Nearly all the fundamental facts of mankind are to be found in its

fables. And there is a singularly sane truth in all the old stories of the

monsters - such as centaurs, mermaids, sphinxes, and the rest. It will

be noted that in each of these the humanity, though imperfect in its

extent, is perfect in its quality. The mermaid is half a lady and half a

fish; but there is nothing fishy about the lady. A centaur is half a

gentleman and half a horse. But there is nothing horsey about the

gentleman. The centaur is a manly sort of man - up to a certain point.

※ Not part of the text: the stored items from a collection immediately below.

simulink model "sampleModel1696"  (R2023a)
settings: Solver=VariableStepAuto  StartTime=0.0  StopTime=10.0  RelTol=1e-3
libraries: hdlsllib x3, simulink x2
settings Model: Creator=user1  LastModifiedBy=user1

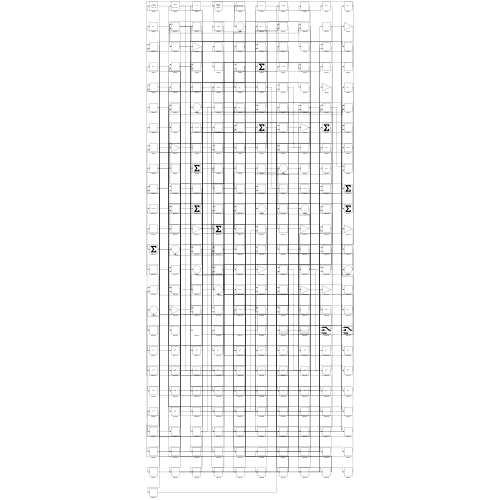
[thumbnail: Simulink's stored preview of the top-level diagram]
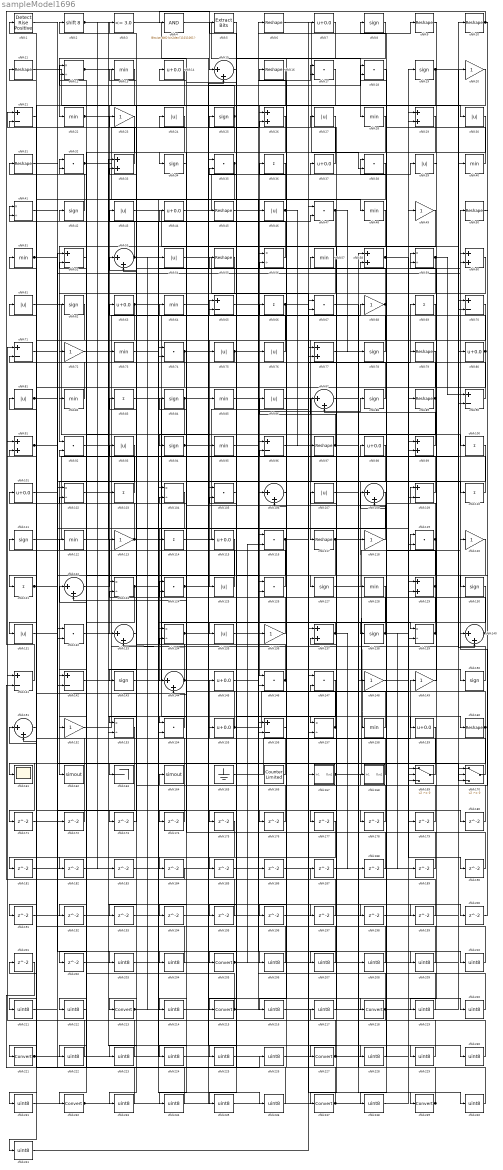
== system sampleModel1696 ==
  cfblk1 : hdlsllib/Logic and Bit Operations/Detect Rise Positive  vinit=0  OutDataTypeStr=boolean
  cfblk{6,9..11,16,31,45,50,55,79,89,97,117,160} (14 alike) : Reshape
  cfblk{36,66,69,83,100,103,110,114,121} (9 alike) : Sum  Inputs=+
  cfblk{7,14,37,44,63,80,98,101,115,145,155,159} (12 alike) : Bias  Bias=0.0  SaturateOnIntegerOverflow=off
  cfblk{12,41,56,59,102,104,123,134,139,153,157} (11 alike) : Product  Inputs=*/  RndMeth=Zero  SaturateOnIntegerOverflow=on
  cfblk{17..18,32,35,38,47,67,74,92,105,116,119,124,126,132,146..147,154} (18 alike) : DotProduct  OutDataTypeStr=Inherit: Inherit via internal rule
  cfblk{15,53,87,106,108,122,133,140,144,151} (10 alike) : Sum  Inputs=|++
  cfblk{24,27,30,39,43,46,54,61,75..76,81,86,93,107,125,131,135} (17 alike) : Abs  SaturateOnIntegerOverflow=off
  cfblk{21,52,65,70..71,90,96,109,141..142,156} (11 alike) : Sum  Inputs=+-
  cfblk{8,19,25,34,42,62,78,84,88,94,111,127,130,138,143,150} (16 alike) : Signum
  cfblk{13,22,28,40,48,51,57,64,73,82,85,95,112,128,158} (15 alike) : MinMax
  cfblk{20,23,49,68,72,113,118,120,136,148..149,152} (12 alike) : Gain
  cfblk{26,29,33,58,60,77,91,99,129,137} (10 alike) : Sum
  cfblk161 : Scope
  cfblk162 : ToWorkspace  VariableName=simout  SaveFormat=Timeseries  SampleTime=-1
  cfblk163 : Terminator
  cfblk164 : ToWorkspace  VariableName=simout  SaveFormat=Timeseries  SampleTime=-1
  cfblk165 : Ground
  cfblk166 : hdlsllib/Sources/Counter Limited  uplimit=7  tsamp=-1
  cfblk167 : Subsystem
      settings: LibrarySourceBlock=|
      | hdlsllib/Ports &
      | Subsystems/Subsystem
  cfblk168 : Subsystem
      settings: LibrarySourceBlock=|
      | hdlsllib/Ports &
      | Subsystems/Subsystem
  cfblk169 : Switch  SaturateOnIntegerOverflow=off  InputSameDT=off
  cfblk170 : Switch  SaturateOnIntegerOverflow=off  InputSameDT=off
  cfblk{171..202} (32 alike) : Delay  SampleTime=1
  cfblk2 : ArithShift  BitShiftNumber=8
  cfblk{203..204,206..212,214,216..217,219..220,222..226,228..231,233..236,238,240..241} (30 alike) : DataTypeConversion  OutDataTypeStr=uint8  SaturateOnIntegerOverflow=off  RndMeth=Floor
  cfblk{205,213,215,218,221,227,232,237,239} (9 alike) : DataTypeConversion  SaturateOnIntegerOverflow=off  RndMeth=Floor
  cfblk3 : hdlsllib/Logic and Bit Operations/Compare To Constant  relop=<=  const=3.0  OutDataTypeStr=boolean
  cfblk4 : simulink/Logic and Bit Operations/Bitwise Operator  logicop=AND  UseBitMask=on  BitMask=bin2dec('11011001')  BitMaskRealWorld=Stored Integer
      settings: LibrarySourceBlock=|
      | hdlsllib/Logic and Bit
      | Operations/Bitwise
      | Operator
  cfblk5 : simulink/Logic and Bit Operations/Extract Bits  bitsToExtract=Upper half  numBits=8  bitIdxRange=[0 7]  outScalingMode=Preserve fixed-point scaling
      settings: LibrarySourceBlock=|
      | hdlsllib/Logic and Bit
      | Operations/Extract Bits
  wires:
  cfblk19/1 -> cfblk146/1, cfblk140/2
  cfblk47/1 -> cfblk92/1, cfblk78/1
  cfblk9/1 -> cfblk127/1
  cfblk150/1 -> cfblk50/1
  cfblk166/1 -> cfblk81/1
  cfblk152/1 -> cfblk65/1
  cfblk10/1 -> cfblk164/1, cfblk4/1
  cfblk90/1 -> cfblk69/1
  cfblk37/1 -> cfblk25/1
  cfblk16/1 -> cfblk133/1
  cfblk167/1(Out1) -> cfblk119/1, cfblk207/1
  cfblk141/1 -> cfblk15/1
  cfblk122/1 -> cfblk113/1
  cfblk168/1(Out1) -> cfblk32/1
  cfblk103/1 -> cfblk93/1
  cfblk157/1 -> cfblk63/1, cfblk101/1
  cfblk69/1 -> cfblk117/1
  cfblk80/1 -> cfblk43/1, cfblk212/1
  cfblk134/1 -> cfblk156/2, cfblk214/1
  cfblk142/1 -> cfblk10/1
  cfblk143/1 -> cfblk68/1
  cfblk158/1 -> cfblk57/1
  cfblk109/1 -> cfblk38/1
  cfblk54/1 -> cfblk167/1(In1)
  cfblk76/1 -> cfblk23/1
  cfblk93/1 -> cfblk162/1
  cfblk117/1 -> cfblk158/1, cfblk196/1
  cfblk119/1 -> cfblk55/1, cfblk177/1
  cfblk30/1 -> cfblk76/1
  cfblk94/1 -> cfblk59/1, cfblk228/1
  cfblk61/1 -> cfblk103/1
  cfblk48/1 -> cfblk136/1
  cfblk68/1 -> cfblk82/1, cfblk115/1, cfblk2/1
  cfblk20/1 -> cfblk213/1
  cfblk111/1 -> cfblk40/1
  cfblk140/1 -> cfblk107/1, cfblk59/2
  cfblk51/1 -> cfblk131/1, cfblk109/2
  cfblk7/1 -> cfblk22/1
  cfblk110/1 -> cfblk92/2
  cfblk155/1 -> cfblk64/1, cfblk19/1
  cfblk65/1 -> cfblk146/2
  cfblk12/1 -> cfblk30/1, cfblk150/1, cfblk198/1
  cfblk36/1 -> cfblk142/1
  cfblk59/1 -> cfblk90/1, cfblk216/1
  cfblk156/1 -> cfblk16/1
  cfblk165/1 -> cfblk149/1
  cfblk6/1 -> cfblk38/2
  cfblk46/1 -> cfblk106/1, cfblk97/1
  cfblk106/1 -> cfblk36/1
  cfblk86/1 -> cfblk118/1
  cfblk87/1 -> cfblk148/1
  cfblk83/1 -> cfblk159/1
  cfblk55/1 -> cfblk62/1
  cfblk22/1 -> cfblk48/1, cfblk154/2
  cfblk18/1 -> cfblk138/1
  cfblk28/1 -> cfblk34/1
  cfblk127/1 -> cfblk120/1
  cfblk154/1 -> cfblk111/1
  cfblk113/1 -> cfblk139/1, cfblk12/1, cfblk47/2
  cfblk35/1 -> cfblk161/1, cfblk173/1
  cfblk98/1 -> cfblk227/1
  cfblk70/1 -> cfblk125/1
  cfblk170/1 -> cfblk145/1
  cfblk148/1 -> cfblk89/1
  cfblk147/1 -> cfblk215/1
  cfblk14/1 -> cfblk153/1
  cfblk151/1 -> cfblk221/1
  cfblk120/1 -> cfblk135/1
  cfblk11/1 -> cfblk75/1
  cfblk49/1 -> cfblk237/1
  cfblk32/1 -> cfblk6/1, cfblk156/1
  cfblk23/1 -> cfblk153/2
  cfblk74/1 -> cfblk121/1, cfblk178/1
  cfblk79/1 -> cfblk143/1
  cfblk126/1 -> cfblk53/1
  cfblk88/1 -> cfblk14/1
  cfblk25/1 -> cfblk12/2, cfblk193/1
  cfblk130/1 -> cfblk157/1
  cfblk96/1 -> cfblk218/1
  cfblk136/1 -> cfblk53/2
  cfblk78/1 -> cfblk66/1
  cfblk116/1 -> cfblk79/1, cfblk185/1
  cfblk53/1 -> cfblk41/1, cfblk170/2
  cfblk104/1 -> cfblk144/1
  cfblk52/1 -> cfblk232/1
  cfblk77/1 -> cfblk239/1
  cfblk133/1 -> cfblk3/1
  cfblk3/1 -> cfblk85/1
  cfblk97/1 -> cfblk100/1, cfblk86/1
  cfblk118/1 -> cfblk84/1
  cfblk8/1 -> cfblk106/2
  cfblk66/1 -> cfblk152/1, cfblk199/1
  cfblk135/1 -> cfblk88/1
  cfblk137/1 -> cfblk134/1, cfblk188/1
  cfblk139/1 -> cfblk124/1, cfblk27/1
  cfblk81/1 -> cfblk119/2, cfblk116/1, cfblk51/1
  cfblk149/1 -> cfblk109/1
  cfblk4/1 -> cfblk28/1
  cfblk27/1 -> cfblk114/1
  cfblk50/1 -> cfblk130/1
  cfblk89/1 -> cfblk61/1, cfblk222/1
  cfblk100/1 -> cfblk154/1
  cfblk138/1 -> cfblk24/1, cfblk189/1, cfblk190/1
  cfblk82/1 -> cfblk11/1
  cfblk114/1 -> cfblk7/1
  cfblk2/1 -> cfblk26/1, cfblk183/1
  cfblk43/1 -> cfblk70/2
  cfblk40/1 -> cfblk8/1
  cfblk56/1 -> cfblk41/2
  cfblk99/1 -> cfblk87/2
  cfblk58/1 -> cfblk170/3, cfblk238/1
  cfblk84/1 -> cfblk163/1, cfblk202/1, cfblk220/1
  cfblk63/1 -> cfblk142/2, cfblk60/1
  cfblk75/1 -> cfblk71/2, cfblk9/1
  cfblk45/1 -> cfblk17/1
  cfblk38/1 -> cfblk74/2
  cfblk129/1 -> cfblk108/2, cfblk174/1, cfblk175/1
  cfblk95/1 -> cfblk17/2
  cfblk123/1 -> cfblk192/1, cfblk236/1
  cfblk91/1 -> cfblk132/2, cfblk60/2
  cfblk101/1 -> cfblk110/1
  cfblk33/1 -> cfblk21/2
  cfblk73/1 -> cfblk95/1
  cfblk24/1 -> cfblk72/1
  cfblk108/1 -> cfblk123/1
  cfblk125/1 -> cfblk91/2
  cfblk64/1 -> cfblk160/1
  cfblk144/1 -> cfblk18/1, cfblk13/1, cfblk133/2
  cfblk105/1 -> cfblk205/1
  cfblk60/1 -> cfblk73/1
  cfblk42/1 -> cfblk31/1
  cfblk160/1 -> cfblk122/2, cfblk134/2, cfblk223/1
  cfblk121/1 -> cfblk126/1, cfblk206/1
  cfblk34/1 -> cfblk94/1
  cfblk169/1 -> cfblk112/1
  cfblk131/1 -> cfblk169/3
  cfblk146/1 -> cfblk83/1, cfblk56/2
  cfblk72/1 -> cfblk44/1
  cfblk44/1 -> cfblk39/1
  cfblk112/1 -> cfblk33/1
  cfblk17/1 -> cfblk56/1
  cfblk124/1 -> cfblk37/1, cfblk234/1
  cfblk159/1 -> cfblk171/1
  cfblk41/1 -> cfblk172/1
  cfblk172/1 -> cfblk21/1
  cfblk173/1 -> cfblk33/2
  cfblk174/1 -> cfblk91/1
  cfblk31/1 -> cfblk176/1
  cfblk176/1 -> cfblk123/2
  cfblk178/1 -> cfblk87/1
  cfblk179/1 -> cfblk18/2
  cfblk71/1 -> cfblk180/1
  cfblk180/1 -> cfblk70/1
  cfblk153/1 -> cfblk181/1
  cfblk181/1 -> cfblk74/1
  cfblk115/1 -> cfblk182/1
  cfblk182/1 -> cfblk15/2
  cfblk183/1 -> cfblk169/2
  cfblk26/1 -> cfblk184/1
  cfblk184/1 -> cfblk141/2
  cfblk185/1 -> cfblk129/2
  cfblk145/1 -> cfblk186/1
  cfblk188/1 -> cfblk104/2
  cfblk189/1 -> cfblk108/1
  cfblk190/1 -> cfblk144/2
  cfblk13/1 -> cfblk191/1
  cfblk191/1 -> cfblk99/1
  cfblk192/1 -> cfblk124/2
  cfblk193/1 -> cfblk139/2
  cfblk128/1 -> cfblk194/1
  cfblk194/1 -> cfblk157/2
  cfblk57/1 -> cfblk195/1
  cfblk195/1 -> cfblk132/1
  cfblk196/1 -> cfblk90/2
  cfblk92/1 -> cfblk197/1
  cfblk197/1 -> cfblk122/1
  cfblk198/1 -> cfblk58/2
  cfblk199/1 -> cfblk47/1
  cfblk107/1 -> cfblk200/1
  cfblk200/1 -> cfblk140/1
  cfblk202/1 -> cfblk46/1
  cfblk1/1 -> cfblk203/1
  cfblk203/1 -> cfblk80/1
  cfblk171/1 -> cfblk204/1
  cfblk204/1 -> cfblk1/1
  cfblk205/1 -> cfblk179/1, cfblk116/2
  cfblk206/1 -> cfblk105/1
  cfblk207/1 -> cfblk105/2
  cfblk187/1 -> cfblk208/1
  cfblk208/1 -> cfblk32/2
  cfblk85/1 -> cfblk209/1
  cfblk209/1 -> cfblk187/1
  cfblk102/1 -> cfblk210/1
  cfblk210/1 -> cfblk168/1(In1)
  cfblk62/1 -> cfblk211/1
  cfblk211/1 -> cfblk102/1
  cfblk212/1 -> cfblk102/2
  cfblk213/1 -> cfblk170/1, cfblk54/1
  cfblk214/1 -> cfblk20/1
  cfblk215/1 -> cfblk126/2, cfblk137/1, cfblk42/1
  cfblk216/1 -> cfblk147/1
  cfblk217/1 -> cfblk147/2
  cfblk218/1 -> cfblk217/1, cfblk137/2
  cfblk39/1 -> cfblk219/1
  cfblk219/1 -> cfblk96/1
  cfblk220/1 -> cfblk96/2
  cfblk221/1 -> cfblk35/1, cfblk104/1
  cfblk222/1 -> cfblk151/1
  cfblk223/1 -> cfblk151/2
  cfblk29/1 -> cfblk224/1
  cfblk224/1 -> cfblk169/1
  cfblk15/1 -> cfblk225/1
  cfblk225/1 -> cfblk29/1
  cfblk201/1 -> cfblk226/1
  cfblk226/1 -> cfblk29/2
  cfblk227/1 -> cfblk128/1, cfblk71/1
  cfblk228/1 -> cfblk98/1
  cfblk67/1 -> cfblk229/1
  cfblk229/1 -> cfblk141/1
  cfblk132/1 -> cfblk230/1
  cfblk230/1 -> cfblk67/1
  cfblk175/1 -> cfblk231/1
  cfblk231/1 -> cfblk67/2
  cfblk232/1 -> cfblk45/1, cfblk129/1
  cfblk177/1 -> cfblk233/1
  cfblk233/1 -> cfblk52/1
  cfblk234/1 -> cfblk52/2
  cfblk5/1 -> cfblk235/1
  cfblk235/1 -> cfblk99/2
  cfblk236/1 -> cfblk5/1
  cfblk237/1 -> cfblk201/1, cfblk26/2, cfblk155/1
  cfblk238/1 -> cfblk49/1
  cfblk239/1 -> cfblk58/1, cfblk35/2, cfblk65/2
  cfblk186/1 -> cfblk240/1
  cfblk240/1 -> cfblk77/1
  cfblk21/1 -> cfblk241/1
  cfblk241/1 -> cfblk77/2

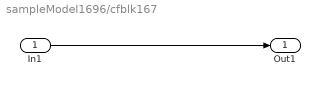
== system sampleModel1696/cfblk167 ==
  In1 : Inport
  Out1 : Outport
  wires:
  In1/1 -> Out1/1

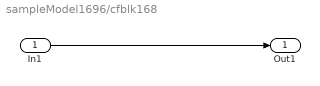
== system sampleModel1696/cfblk168 ==
  In1 : Inport
  Out1 : Outport
  wires:
  In1/1 -> Out1/1

The mermaid is a womanly woman - so far as she goes. The human

parts of the monsters are handsome, like heroes, or lovely, like

nymphs; their bestial appendages do not affect the full perfection of

their humanity - what there is of it. There is nothing humanly wrong

with the centaur, except that he rides a horse without a head. There is

nothing humanly wrong with the mermaid; Hood put a good comic

motto to his picture of a mermaid: "All's well that ends well." It

is, perhaps, quite true; it all depends which end. Those old wild

images included a crucial truth. Man is a monster. And he is all the

more a monster because one part of him is perfect. It is not true, as

the evolutionists say, that man moves perpetually up a slope from

imperfection to perfection, changing ceaselessly, so as to be suitable.

The immortal part of a man and the deadly part are jarringly distinct

and have always been. And the best proof of this is in such a case as

we have, considered - the case of the oaths of love.

A man's soul is as full of voices as a forest; there are ten thousand

tongues there like all the tongues of the trees: fancies, follies,

memories, madnesses, mysterious fears, and more mysterious hopes.

All the settlement and sane government of life consists in coming to

the conclusion that some of those voices have authority and others

not. You may have an impulse to fight your enemy or an impulse to

run away from him; a reason to serve your country or a reason to

betray it; a good idea for making sweets or a better idea for poisoning

them. The only test I know by which to judge one argument or

inspiration from another is ultimately this: that all the noble

necessities of man talk the language of eternity. When man is doing

the three or four things that he was sent on this earth to do, then he

speaks like one who shall live for ever. A man dying for his country

does not talk as if local preferences could change. Leonidas does not

say, "In my present mood, I prefer Sparta to Persia." William Tell

does not remark, "The Swiss civilisation, so far as I can yet see, is

superior to the Austrian." When men are making commonwealths,

they talk in terms of the absolute, and so they do when they are

making (however unconsciously) those smaller commonwealths which

are called families. There are in life certain immortal moments,

moments that have authority. Lovers are right to tattoo each other's

skins and cut each other's names about the world; they do belong to

each other in a more awful sense than they know.

1 comment:

  1. This reminds me of a scene in CRIME AND PUNISHMENT. The police inspector Porfiry Petrovich is questioning Raskolnikov, who has recently murdered an old pawnbroker and her sister. Porfiry Petrovich doesn't appear to suspect Raskolnikov yet, but it's clear throughout the novel that despite his unprepossessing exterior, he's shrewder than the intellectual student. (He actually reminds me of Father Brown, a bit.) The two men fall into a discussion of an article that Raskolnikov has recently published, arguing that the rules of common morality are not binding on 'superior men.' Porfiry raises the same point that Chesterton makes here: namely -- granting the argument -- how can anyone know whether he, or anyone else, is one of these superior men? And supposing someone committed a crime in the belief that he was a superior man -- but was mistaken? Porfiry speaks in a disarmingly light, almost flippant, way, but of course his question goes to the heart of Raskolnkov's predicament.